Click here to show plot code
tif_bills_cntr_summ <- wh_bills %>%
  group_by(year, pin) %>%
  summarize(`With TIF` = sum(final_tax)) %>%
  left_join(
    tif_bills_cntr %>%
      group_by(year, pin) %>%
      summarize(`No TIF` = sum(final_tax)),
    by = c("year", "pin")
  ) %>%
  tidyr::pivot_longer(ends_with("TIF")) %>%
  group_by(year, name) %>%
  summarize(med_bill = median(value)) %>%
  mutate(
    lt = ifelse(name == "No TIF" & year >= 2015, "s", "d"),
    name = factor(name, levels = c("No TIF", "With TIF")),
  )

tif_plot_cntr <- ggplot(tif_bills_cntr_summ) +
  geom_line(
    aes(x = year, y = med_bill, color = name, linetype = lt),
    linewidth = 1.1
  ) +
  geom_vline(xintercept = 2014, linetype = "dashed", alpha = 0.7) +
  annotate(
    "text",
    x = 2013.7,
    y = 4.6e3,
    label = "Wheeling Town Center II\nTIF created",
    hjust = 1,
    size = 3.5,
    alpha = 0.5
  ) +
  scale_x_continuous(n.breaks = 9, expand = c(0, 0.4)) +
  scale_y_continuous(n.breaks = 7, labels = scales::label_dollar()) +
  scale_color_manual(
    name = "",
    values = c("With TIF" = "grey50", "No TIF" = "#7d26cd")
  ) +
  labs(x = "Year", y = "Median Tax Bill") +
  guides(linetype = "none") +
  theme_minimal() +
  theme(
    axis.title = element_text(size = 13),
    axis.title.x = element_text(margin = margin(t = 6)),
    axis.title.y = element_text(margin = margin(r = 6)),
    axis.text = element_text(size = 11),
    axis.ticks.x = element_line(color = "grey70"),
    strip.text = element_text(size = 16),
    strip.background = element_rect(fill = "#c9c9c9"),
    legend.title = element_text(size = 14),
    legend.key.size = unit(24, "points"),
    legend.text = element_text(size = 12),
    legend.position = "bottom"
  )


The plot shows the median tax bill for all PINs in Wheeling.
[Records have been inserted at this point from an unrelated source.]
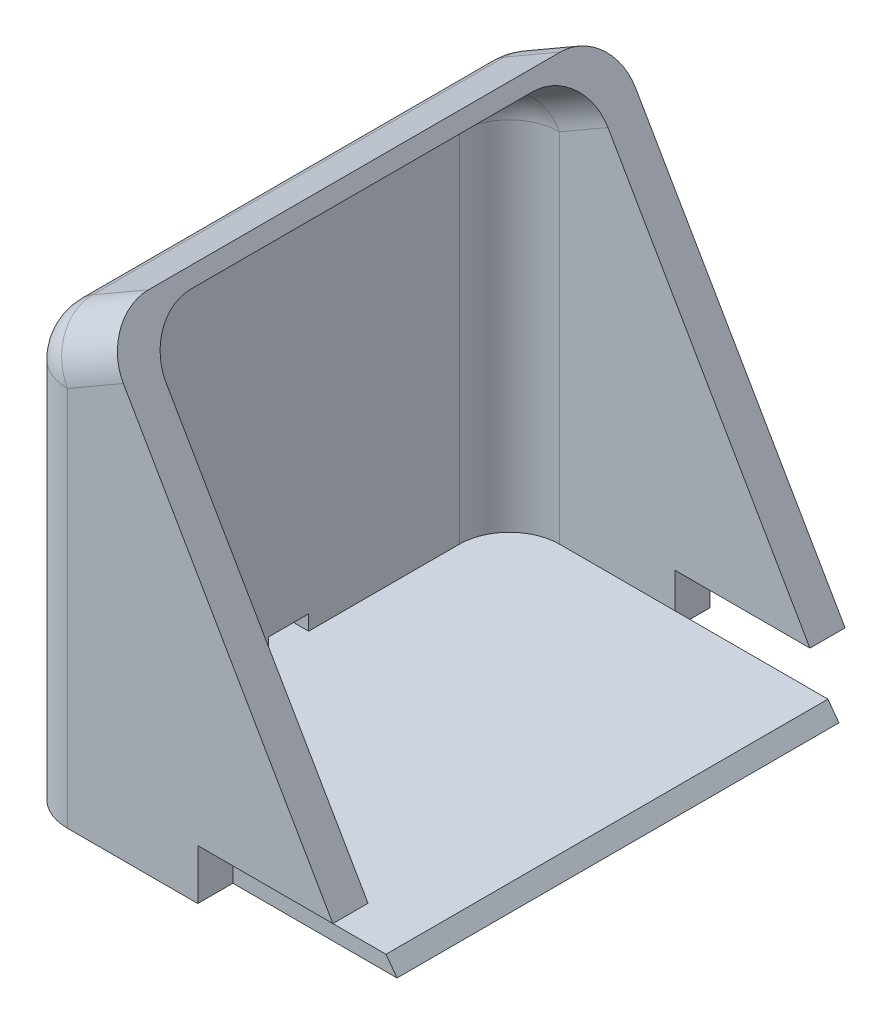
ISO-10303-21;
HEADER;
FILE_DESCRIPTION(('STEP AP214'),'2;1');
FILE_NAME('part.step','',(''),(''),'','','');
FILE_SCHEMA(('AUTOMOTIVE_DESIGN { 1 0 10303 214 1 1 1 1 }'));
ENDSEC;
DATA;
#1=APPLICATION_CONTEXT('core data for automotive mechanical design processes');
#2=APPLICATION_PROTOCOL_DEFINITION('international standard','automotive_design',2000,#1);
#3=PRODUCT_CONTEXT('',#1,'mechanical');
#4=PRODUCT('Part','Part','',(#3));
#5=PRODUCT_RELATED_PRODUCT_CATEGORY('part','',(#4));
#6=PRODUCT_DEFINITION_FORMATION('','',#4);
#7=PRODUCT_DEFINITION_CONTEXT('part definition',#1,'design');
#8=PRODUCT_DEFINITION('design','',#6,#7);
#9=PRODUCT_DEFINITION_SHAPE('','',#8);
#10=(LENGTH_UNIT() NAMED_UNIT(*) SI_UNIT(.MILLI.,.METRE.));
#11=(NAMED_UNIT(*) PLANE_ANGLE_UNIT() SI_UNIT($,.RADIAN.));
#12=(NAMED_UNIT(*) SI_UNIT($,.STERADIAN.) SOLID_ANGLE_UNIT());
#13=UNCERTAINTY_MEASURE_WITH_UNIT(LENGTH_MEASURE(1.E-05),#10,'distance_accuracy_value','');
#14=(GEOMETRIC_REPRESENTATION_CONTEXT(3) GLOBAL_UNCERTAINTY_ASSIGNED_CONTEXT((#13)) GLOBAL_UNIT_ASSIGNED_CONTEXT((#10,
#11,#12)) REPRESENTATION_CONTEXT('',''));
#15=CARTESIAN_POINT('',(0.,0.,0.));
#16=DIRECTION('',(0.,0.,1.));
#17=DIRECTION('',(1.,0.,0.));
#18=AXIS2_PLACEMENT_3D('',#15,#16,#17);
#19=CARTESIAN_POINT('',(-32.9254234033585,0.,89.677493390194));
#20=DIRECTION('',(-1.,0.,0.));
#21=DIRECTION('',(0.,0.,1.));
#22=AXIS2_PLACEMENT_3D('',#19,#20,#21);
#23=PLANE('',#22);
#24=DIRECTION('',(0.,0.,-1.));
#25=VECTOR('',#24,1.);
#26=CARTESIAN_POINT('',(-32.9254234033585,74.1286433605589,0.));
#27=LINE('',#26,#25);
#28=CARTESIAN_POINT('',(-32.9254234033585,74.1286433605589,-78.));
#29=VERTEX_POINT('',#28);
#30=CARTESIAN_POINT('',(-32.9254234033585,74.1286433605589,-10.));
#31=VERTEX_POINT('',#30);
#32=EDGE_CURVE('E69',#29,#31,#27,.F.);
#33=ORIENTED_EDGE('',*,*,#32,.T.);
#34=DIRECTION('',(0.,1.,0.));
#35=VECTOR('',#34,1.);
#36=CARTESIAN_POINT('',(-32.9254234033585,3.,-10.));
#37=LINE('',#36,#35);
#38=CARTESIAN_POINT('',(-32.9254234033585,3.,-9.99999999999999));
#39=VERTEX_POINT('',#38);
#40=EDGE_CURVE('E455',#31,#39,#37,.F.);
#41=ORIENTED_EDGE('',*,*,#40,.T.);
#42=DIRECTION('',(0.,0.,-1.));
#43=VECTOR('',#42,1.);
#44=CARTESIAN_POINT('',(-32.9254234033585,3.,89.677493390194));
#45=LINE('',#44,#43);
#46=CARTESIAN_POINT('',(-32.9254234033585,3.,-40.));
#47=VERTEX_POINT('',#46);
#48=EDGE_CURVE('E535',#39,#47,#45,.T.);
#49=ORIENTED_EDGE('',*,*,#48,.T.);
#50=DIRECTION('',(0.,-1.,0.));
#51=VECTOR('',#50,1.);
#52=CARTESIAN_POINT('',(-32.9254234033585,3.,-40.));
#53=LINE('',#52,#51);
#54=CARTESIAN_POINT('',(-32.9254234033585,6.,-40.));
#55=VERTEX_POINT('',#54);
#56=EDGE_CURVE('E544',#55,#47,#53,.T.);
#57=ORIENTED_EDGE('',*,*,#56,.F.);
#58=DIRECTION('',(0.,0.,1.));
#59=VECTOR('',#58,1.);
#60=CARTESIAN_POINT('',(-32.9254234033585,6.,-48.));
#61=LINE('',#60,#59);
#62=CARTESIAN_POINT('',(-32.9254234033585,6.,-48.));
#63=VERTEX_POINT('',#62);
#64=EDGE_CURVE('E541',#63,#55,#61,.T.);
#65=ORIENTED_EDGE('',*,*,#64,.F.);
#66=DIRECTION('',(0.,1.,0.));
#67=VECTOR('',#66,1.);
#68=CARTESIAN_POINT('',(-32.9254234033585,3.,-48.));
#69=LINE('',#68,#67);
#70=CARTESIAN_POINT('',(-32.9254234033585,3.,-48.));
#71=VERTEX_POINT('',#70);
#72=EDGE_CURVE('E557',#71,#63,#69,.T.);
#73=ORIENTED_EDGE('',*,*,#72,.F.);
#74=CARTESIAN_POINT('',(-32.9254234033585,3.,-78.));
#75=VERTEX_POINT('',#74);
#76=EDGE_CURVE('E539',#71,#75,#45,.T.);
#77=ORIENTED_EDGE('',*,*,#76,.T.);
#78=DIRECTION('',(0.,1.,0.));
#79=VECTOR('',#78,1.);
#80=CARTESIAN_POINT('',(-32.9254234033585,79.9021460524551,-78.));
#81=LINE('',#80,#79);
#82=EDGE_CURVE('E74',#75,#29,#81,.T.);
#83=ORIENTED_EDGE('',*,*,#82,.T.);
#84=EDGE_LOOP('',(#33,#41,#49,#57,#65,#73,#77,#83));
#85=FACE_BOUND('',#84,.T.);
#86=ADVANCED_FACE('F51',(#85),#23,.F.);
#87=CARTESIAN_POINT('',(0.,0.,0.));
#88=DIRECTION('',(0.,0.,1.));
#89=DIRECTION('',(1.,0.,0.));
#90=AXIS2_PLACEMENT_3D('',#87,#88,#89);
#91=PLANE('',#90);
#92=DIRECTION('',(0.,1.,0.));
#93=VECTOR('',#92,1.);
#94=CARTESIAN_POINT('',(-22.9254234033585,79.9021460524551,0.));
#95=LINE('',#94,#93);
#96=CARTESIAN_POINT('',(-22.9254234033585,3.,0.));
#97=VERTEX_POINT('',#96);
#98=CARTESIAN_POINT('',(-22.9254234033585,74.1286433605589,0.));
#99=VERTEX_POINT('',#98);
#100=EDGE_CURVE('E445',#97,#99,#95,.T.);
#101=ORIENTED_EDGE('',*,*,#100,.T.);
#102=DIRECTION('',(0.866025403784439,0.5,0.));
#103=VECTOR('',#102,1.);
#104=CARTESIAN_POINT('',(-13.320381056767,79.6741171449412,0.));
#105=LINE('',#104,#103);
#106=CARTESIAN_POINT('',(-13.320381056767,79.6741171449412,0.));
#107=VERTEX_POINT('',#106);
#108=EDGE_CURVE('E448',#99,#107,#105,.T.);
#109=ORIENTED_EDGE('',*,*,#108,.T.);
#110=DIRECTION('',(0.500000000000004,-0.866025403784436,0.));
#111=VECTOR('',#110,1.);
#112=CARTESIAN_POINT('',(24.5096189432332,14.150635094611,0.));
#113=LINE('',#112,#111);
#114=CARTESIAN_POINT('',(26.9059892324149,10.,0.));
#115=VERTEX_POINT('',#114);
#116=EDGE_CURVE('E323',#107,#115,#113,.T.);
#117=ORIENTED_EDGE('',*,*,#116,.T.);
#118=DIRECTION('',(-1.,0.,0.));
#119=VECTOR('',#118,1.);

The counterfactual bills are shown in purple.

The net effect of the Wheeling Town Center II TIF has been a slight increase in the median Wheeling tax bill. The effect size is small; the difference in 2020 median bills with and without the TIF is less than $100. However, when added up over many properties, this effect becomes substantial and will continue to grow if the WTC2 PINs further increase in value.

Whether or not this effect is desirable is a matter of interpretation. If the properties within the TIF would not have increased in value but for the TIF, then the TIF served its purpose, since the value it created will eventually return to the tax base. If the properties within the TIF would have increased in value regardless of the TIF, then the TIF has effectively captured part of the tax base that would otherwise have lowered rates/bills.

PTAXSIM doesn’t offer a definitive answer or make any normative claims, but it’s an incredibly useful tool for measuring these effects and weighing their potential trade-offs.